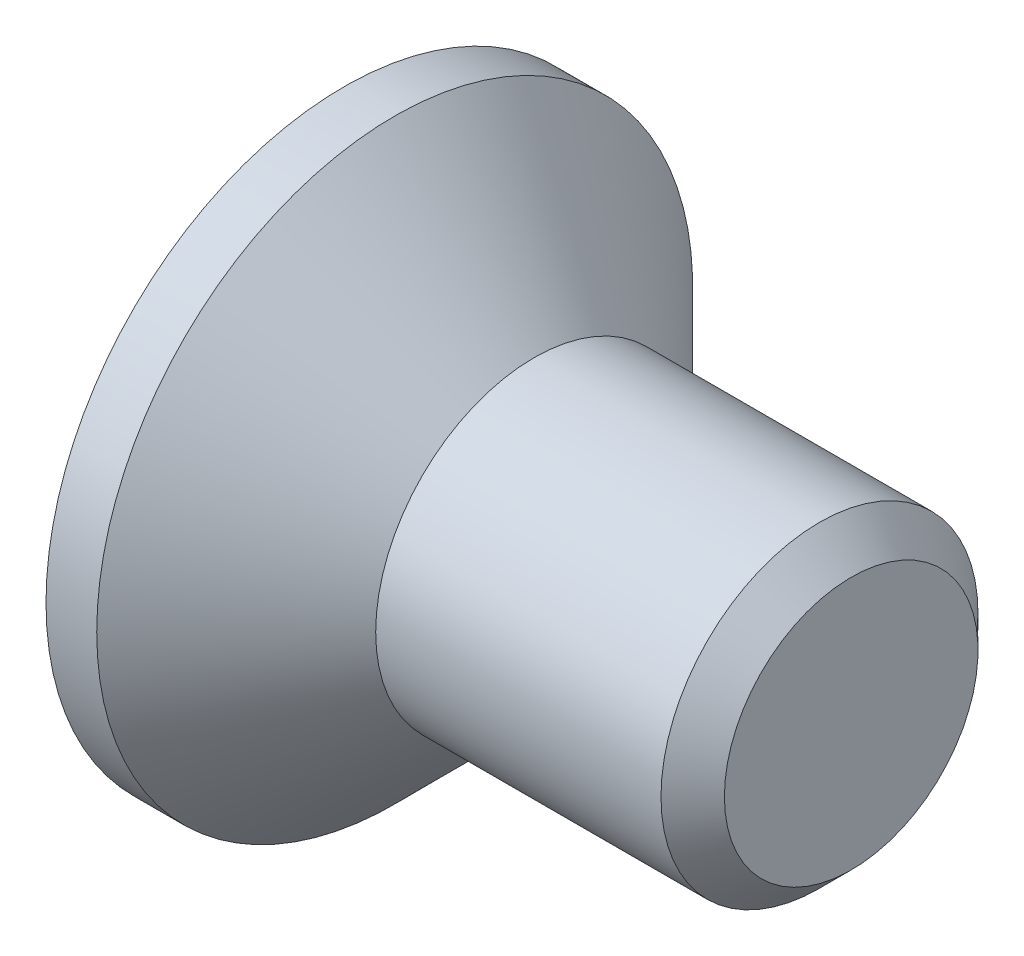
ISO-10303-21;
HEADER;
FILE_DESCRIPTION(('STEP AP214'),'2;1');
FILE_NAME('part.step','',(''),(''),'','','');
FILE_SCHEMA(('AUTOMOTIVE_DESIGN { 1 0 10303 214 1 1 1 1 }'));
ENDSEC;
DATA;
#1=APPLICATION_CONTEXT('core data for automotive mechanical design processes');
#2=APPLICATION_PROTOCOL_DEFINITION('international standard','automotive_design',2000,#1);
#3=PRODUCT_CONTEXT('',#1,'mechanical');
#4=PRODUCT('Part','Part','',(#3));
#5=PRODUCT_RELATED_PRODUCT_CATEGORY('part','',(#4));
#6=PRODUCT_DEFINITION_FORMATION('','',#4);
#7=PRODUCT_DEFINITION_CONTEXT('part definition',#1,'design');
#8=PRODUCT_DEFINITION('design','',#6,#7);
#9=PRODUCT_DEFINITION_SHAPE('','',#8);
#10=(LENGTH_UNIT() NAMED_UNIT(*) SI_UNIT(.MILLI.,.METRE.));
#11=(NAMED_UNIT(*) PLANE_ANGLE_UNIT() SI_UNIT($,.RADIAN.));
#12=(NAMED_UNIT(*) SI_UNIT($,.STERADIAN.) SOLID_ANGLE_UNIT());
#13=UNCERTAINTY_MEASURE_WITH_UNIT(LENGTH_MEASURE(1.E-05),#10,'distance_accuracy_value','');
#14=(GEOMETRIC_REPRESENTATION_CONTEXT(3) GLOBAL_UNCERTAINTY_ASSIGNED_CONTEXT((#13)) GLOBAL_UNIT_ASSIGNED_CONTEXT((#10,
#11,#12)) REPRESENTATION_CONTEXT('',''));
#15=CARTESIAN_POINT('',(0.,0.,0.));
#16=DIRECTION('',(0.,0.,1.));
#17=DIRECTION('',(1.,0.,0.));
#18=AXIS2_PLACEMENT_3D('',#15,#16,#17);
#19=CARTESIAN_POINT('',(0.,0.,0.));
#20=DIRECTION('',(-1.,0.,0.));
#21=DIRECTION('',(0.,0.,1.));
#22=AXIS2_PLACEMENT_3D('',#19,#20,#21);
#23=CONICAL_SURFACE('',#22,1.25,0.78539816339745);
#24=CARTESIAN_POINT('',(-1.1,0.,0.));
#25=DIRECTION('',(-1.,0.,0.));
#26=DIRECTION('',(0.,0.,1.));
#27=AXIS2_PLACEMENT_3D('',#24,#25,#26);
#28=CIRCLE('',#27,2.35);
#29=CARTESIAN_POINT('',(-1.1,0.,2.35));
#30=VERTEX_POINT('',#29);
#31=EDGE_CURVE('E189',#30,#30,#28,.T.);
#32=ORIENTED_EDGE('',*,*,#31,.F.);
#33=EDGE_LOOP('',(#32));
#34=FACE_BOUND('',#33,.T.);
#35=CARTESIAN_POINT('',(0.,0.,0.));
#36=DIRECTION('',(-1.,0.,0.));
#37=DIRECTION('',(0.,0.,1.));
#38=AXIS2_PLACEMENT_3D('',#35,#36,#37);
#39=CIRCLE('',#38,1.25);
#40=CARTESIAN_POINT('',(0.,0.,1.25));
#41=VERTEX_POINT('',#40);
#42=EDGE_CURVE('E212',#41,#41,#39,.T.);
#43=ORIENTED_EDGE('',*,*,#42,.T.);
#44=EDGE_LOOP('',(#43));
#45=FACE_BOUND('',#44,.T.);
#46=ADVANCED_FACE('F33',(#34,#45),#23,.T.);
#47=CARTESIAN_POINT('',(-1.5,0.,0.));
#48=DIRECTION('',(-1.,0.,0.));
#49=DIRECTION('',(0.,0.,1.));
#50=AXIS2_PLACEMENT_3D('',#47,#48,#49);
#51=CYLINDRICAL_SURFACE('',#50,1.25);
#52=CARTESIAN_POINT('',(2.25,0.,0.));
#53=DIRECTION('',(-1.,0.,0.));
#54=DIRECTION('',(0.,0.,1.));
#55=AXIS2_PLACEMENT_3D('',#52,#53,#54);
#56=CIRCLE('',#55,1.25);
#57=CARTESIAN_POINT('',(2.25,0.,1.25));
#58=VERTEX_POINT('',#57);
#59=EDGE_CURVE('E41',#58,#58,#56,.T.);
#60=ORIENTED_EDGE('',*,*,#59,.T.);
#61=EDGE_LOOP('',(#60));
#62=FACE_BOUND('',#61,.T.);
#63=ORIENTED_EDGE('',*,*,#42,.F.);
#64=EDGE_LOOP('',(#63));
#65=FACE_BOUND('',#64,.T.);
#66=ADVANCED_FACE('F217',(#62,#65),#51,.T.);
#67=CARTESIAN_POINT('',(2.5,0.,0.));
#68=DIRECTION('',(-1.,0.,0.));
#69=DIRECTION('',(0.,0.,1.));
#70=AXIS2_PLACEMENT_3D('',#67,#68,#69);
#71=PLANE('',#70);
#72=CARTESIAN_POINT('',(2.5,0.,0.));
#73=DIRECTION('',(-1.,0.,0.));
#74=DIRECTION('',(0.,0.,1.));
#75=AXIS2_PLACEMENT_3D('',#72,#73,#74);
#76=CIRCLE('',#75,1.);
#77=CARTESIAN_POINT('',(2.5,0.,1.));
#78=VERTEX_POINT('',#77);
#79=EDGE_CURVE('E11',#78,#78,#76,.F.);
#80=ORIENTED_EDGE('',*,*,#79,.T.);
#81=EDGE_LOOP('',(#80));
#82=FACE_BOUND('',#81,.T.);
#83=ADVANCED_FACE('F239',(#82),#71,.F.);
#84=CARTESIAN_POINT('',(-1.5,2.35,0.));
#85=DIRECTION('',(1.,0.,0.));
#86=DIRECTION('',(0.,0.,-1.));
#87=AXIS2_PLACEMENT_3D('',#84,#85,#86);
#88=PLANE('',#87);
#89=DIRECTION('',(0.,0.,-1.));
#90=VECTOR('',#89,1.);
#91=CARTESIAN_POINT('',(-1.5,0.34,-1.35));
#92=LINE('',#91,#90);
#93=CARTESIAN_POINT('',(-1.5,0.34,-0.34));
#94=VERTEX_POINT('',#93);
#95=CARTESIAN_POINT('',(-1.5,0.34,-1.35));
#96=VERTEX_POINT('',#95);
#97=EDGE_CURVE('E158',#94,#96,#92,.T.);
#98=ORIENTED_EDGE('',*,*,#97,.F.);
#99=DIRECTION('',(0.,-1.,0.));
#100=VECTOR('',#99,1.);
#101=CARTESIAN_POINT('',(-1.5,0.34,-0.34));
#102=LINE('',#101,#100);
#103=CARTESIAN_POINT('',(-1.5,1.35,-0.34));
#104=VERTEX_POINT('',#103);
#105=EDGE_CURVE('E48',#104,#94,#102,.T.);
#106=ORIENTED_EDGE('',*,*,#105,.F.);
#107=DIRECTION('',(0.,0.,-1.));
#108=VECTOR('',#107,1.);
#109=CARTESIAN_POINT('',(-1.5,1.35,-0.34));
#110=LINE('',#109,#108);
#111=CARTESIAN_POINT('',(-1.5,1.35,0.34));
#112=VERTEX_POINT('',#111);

════════

### Task description
Return only the lines between the one holding "#19=CARTESIAN_POINT('',(0.,0.,0.));" and the one holding "#24=CARTESIAN_POINT('',(-1.1,0.,0.));", inclusive, exactly as they appear above.

### Result for this task
#19=CARTESIAN_POINT('',(0.,0.,0.));
#20=DIRECTION('',(-1.,0.,0.));
#21=DIRECTION('',(0.,0.,1.));
#22=AXIS2_PLACEMENT_3D('',#19,#20,#21);
#23=CONICAL_SURFACE('',#22,1.25,0.78539816339745);
#24=CARTESIAN_POINT('',(-1.1,0.,0.));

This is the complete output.